ENTRIES SHOWN
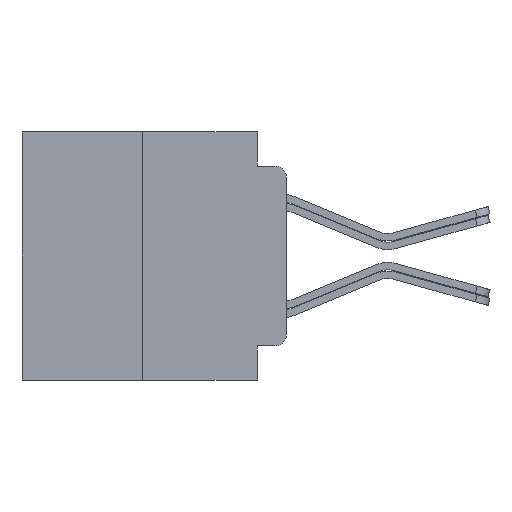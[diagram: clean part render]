
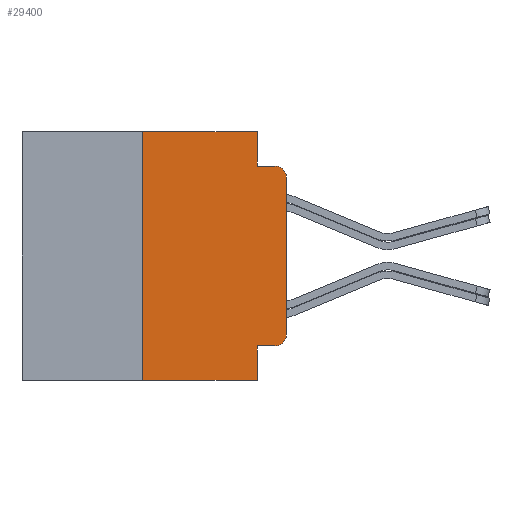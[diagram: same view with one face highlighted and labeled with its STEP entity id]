
A CAD part, left-side view. The second image highlights one B-rep face of the part: STEP entity #29400.
In plain terms, the highlighted planar face has unit normal (-1, 0, 0).
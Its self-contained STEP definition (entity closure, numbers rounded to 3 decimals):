
#51 = EDGE_CURVE ( 'NONE', #16103, #15428, #3063, .T. ) ;
#1294 = DIRECTION ( 'NONE',  ( 0., 0., 1. ) ) ;
#1933 = DIRECTION ( 'NONE',  ( 0., 0., -1. ) ) ;
#2121 = CARTESIAN_POINT ( 'NONE',  ( -75.603, 0.508, -3.975 ) ) ;
#2310 = LINE ( 'NONE', #26855, #26142 ) ;
#2696 = VERTEX_POINT ( 'NONE', #3277 ) ;
#3063 = LINE ( 'NONE', #4554, #9903 ) ;
#3277 = CARTESIAN_POINT ( 'NONE',  ( -75.603, 6.35, -5.486 ) ) ;
#4030 = CARTESIAN_POINT ( 'NONE',  ( -75.603, 1.295, 3.975 ) ) ;
#4073 = LINE ( 'NONE', #17567, #21739 ) ;
#4533 = AXIS2_PLACEMENT_3D ( 'NONE', #13018, #13115, #11081 ) ;
#4554 = CARTESIAN_POINT ( 'NONE',  ( -75.603, 1.295, 3.975 ) ) ;
#4668 = CARTESIAN_POINT ( 'NONE',  ( -75.603, 1.295, -3.975 ) ) ;
#4780 = VERTEX_POINT ( 'NONE', #22982 ) ;
#5117 = CARTESIAN_POINT ( 'NONE',  ( -75.603, 0.508, -3.467 ) ) ;
#5203 = DIRECTION ( 'NONE',  ( 0., 0., -1. ) ) ;
#5754 = LINE ( 'NONE', #27683, #22009 ) ;
#5840 = DIRECTION ( 'NONE',  ( 0., -1., 0. ) ) ;
#6141 = CARTESIAN_POINT ( 'NONE',  ( -75.603, 0., 5.486 ) ) ;
#6191 = EDGE_CURVE ( 'NONE', #9021, #17872, #15047, .T. ) ;
#6372 = ORIENTED_EDGE ( 'NONE', *, *, #6191, .F. ) ;
#6512 = CARTESIAN_POINT ( 'NONE',  ( -75.603, 1.295, -3.975 ) ) ;
#6606 = AXIS2_PLACEMENT_3D ( 'NONE', #16941, #12085, #5203 ) ;
#6931 = ORIENTED_EDGE ( 'NONE', *, *, #12163, .F. ) ;
#8321 = ORIENTED_EDGE ( 'NONE', *, *, #28411, .F. ) ;
#8452 = ORIENTED_EDGE ( 'NONE', *, *, #23914, .F. ) ;
#9021 = VERTEX_POINT ( 'NONE', #27527 ) ;
#9903 = VECTOR ( 'NONE', #25454, 1000. ) ;
#9922 = EDGE_CURVE ( 'NONE', #4780, #15428, #22902, .T. ) ;
#10620 = VERTEX_POINT ( 'NONE', #2121 ) ;
#11081 = DIRECTION ( 'NONE',  ( 0., 0., -1. ) ) ;
#11352 = DIRECTION ( 'NONE',  ( 0., -1., 0. ) ) ;
#11651 = EDGE_CURVE ( 'NONE', #10620, #25100, #18522, .T. ) ;
#11654 = DIRECTION ( 'NONE',  ( 0., 0., -1. ) ) ;
#11835 = FACE_OUTER_BOUND ( 'NONE', #28856, .T. ) ;
#11995 = ORIENTED_EDGE ( 'NONE', *, *, #26986, .T. ) ;
#12085 = DIRECTION ( 'NONE',  ( -1., 0., 0. ) ) ;
#12163 = EDGE_CURVE ( 'NONE', #2696, #9021, #18125, .T. ) ;
#12995 = EDGE_CURVE ( 'NONE', #25100, #4780, #28160, .T. ) ;
#13018 = CARTESIAN_POINT ( 'NONE',  ( -75.603, 11.684, 5.486 ) ) ;
#13115 = DIRECTION ( 'NONE',  ( 1., 0., 0. ) ) ;
#13881 = VERTEX_POINT ( 'NONE', #4668 ) ;
#14346 = ORIENTED_EDGE ( 'NONE', *, *, #51, .F. ) ;
#14539 = CARTESIAN_POINT ( 'NONE',  ( -75.603, 1.295, -5.486 ) ) ;
#14969 = AXIS2_PLACEMENT_3D ( 'NONE', #5117, #16352, #24512 ) ;
#15002 = CARTESIAN_POINT ( 'NONE',  ( -75.603, 0., -3.467 ) ) ;
#15047 = LINE ( 'NONE', #26874, #20454 ) ;
#15090 = DIRECTION ( 'NONE',  ( 0., -1., 0. ) ) ;
#15428 = VERTEX_POINT ( 'NONE', #24074 ) ;
#15619 = EDGE_CURVE ( 'NONE', #13881, #10620, #25597, .T. ) ;
#15900 = VERTEX_POINT ( 'NONE', #14539 ) ;
#16103 = VERTEX_POINT ( 'NONE', #4030 ) ;
#16352 = DIRECTION ( 'NONE',  ( -1., 0., 0. ) ) ;
#16941 = CARTESIAN_POINT ( 'NONE',  ( -75.603, 0.508, 3.467 ) ) ;
#17567 = CARTESIAN_POINT ( 'NONE',  ( -75.603, 11.684, -5.486 ) ) ;
#17769 = PLANE ( 'NONE',  #4533 ) ;
#17872 = VERTEX_POINT ( 'NONE', #29269 ) ;
#18125 = LINE ( 'NONE', #27593, #27844 ) ;
#18522 = CIRCLE ( 'NONE', #14969, 0.508 ) ;
#18693 = ORIENTED_EDGE ( 'NONE', *, *, #15619, .T. ) ;
#19844 = VECTOR ( 'NONE', #11352, 1000. ) ;
#20454 = VECTOR ( 'NONE', #15090, 1000. ) ;
#20568 = DIRECTION ( 'NONE',  ( 0., 0., 1. ) ) ;
#21739 = VECTOR ( 'NONE', #5840, 1000. ) ;
#22009 = VECTOR ( 'NONE', #11654, 1000. ) ;
#22046 = VECTOR ( 'NONE', #1294, 1000. ) ;
#22902 = CIRCLE ( 'NONE', #6606, 0.508 ) ;
#22973 = ORIENTED_EDGE ( 'NONE', *, *, #9922, .T. ) ;
#22982 = CARTESIAN_POINT ( 'NONE',  ( -75.603, 0., 3.467 ) ) ;
#23277 = ORIENTED_EDGE ( 'NONE', *, *, #11651, .T. ) ;
#23904 = ORIENTED_EDGE ( 'NONE', *, *, #12995, .T. ) ;
#23914 = EDGE_CURVE ( 'NONE', #13881, #15900, #2310, .T. ) ;
#24074 = CARTESIAN_POINT ( 'NONE',  ( -75.603, 0.508, 3.975 ) ) ;
#24512 = DIRECTION ( 'NONE',  ( 0., 0., -1. ) ) ;
#25100 = VERTEX_POINT ( 'NONE', #15002 ) ;
#25454 = DIRECTION ( 'NONE',  ( 0., -1., 0. ) ) ;
#25597 = LINE ( 'NONE', #6512, #19844 ) ;
#26142 = VECTOR ( 'NONE', #1933, 1000. ) ;
#26855 = CARTESIAN_POINT ( 'NONE',  ( -75.603, 1.295, 0. ) ) ;
#26874 = CARTESIAN_POINT ( 'NONE',  ( -75.603, 11.684, 5.486 ) ) ;
#26986 = EDGE_CURVE ( 'NONE', #2696, #15900, #4073, .T. ) ;
#27527 = CARTESIAN_POINT ( 'NONE',  ( -75.603, 6.35, 5.486 ) ) ;
#27593 = CARTESIAN_POINT ( 'NONE',  ( -75.603, 6.35, -5.486 ) ) ;
#27683 = CARTESIAN_POINT ( 'NONE',  ( -75.603, 1.295, 0. ) ) ;
#27844 = VECTOR ( 'NONE', #20568, 1000. ) ;
#28160 = LINE ( 'NONE', #6141, #22046 ) ;
#28411 = EDGE_CURVE ( 'NONE', #17872, #16103, #5754, .T. ) ;
#28856 = EDGE_LOOP ( 'NONE', ( #18693, #23277, #23904, #22973, #14346, #8321, #6372, #6931, #11995, #8452 ) ) ;
#29269 = CARTESIAN_POINT ( 'NONE',  ( -75.603, 1.295, 5.486 ) ) ;
#29400 = ADVANCED_FACE ( 'NONE', ( #11835 ), #17769, .F. ) ;

PROBLEM REQUIREMENTS
Taking the listing above as the source, transcribe only the lines starting at the line with "#17872 = VERTEX_POINT ( 'NONE', #29269 ) ;" and going through the line with "#21739 = VECTOR ( 'NONE', #5840, 1000. ) ;", unaltered and with both ends included.

RESPONSE AREA
#17872 = VERTEX_POINT ( 'NONE', #29269 ) ;
#18125 = LINE ( 'NONE', #27593, #27844 ) ;
#18522 = CIRCLE ( 'NONE', #14969, 0.508 ) ;
#18693 = ORIENTED_EDGE ( 'NONE', *, *, #15619, .T. ) ;
#19844 = VECTOR ( 'NONE', #11352, 1000. ) ;
#20454 = VECTOR ( 'NONE', #15090, 1000. ) ;
#20568 = DIRECTION ( 'NONE',  ( 0., 0., 1. ) ) ;
#21739 = VECTOR ( 'NONE', #5840, 1000. ) ;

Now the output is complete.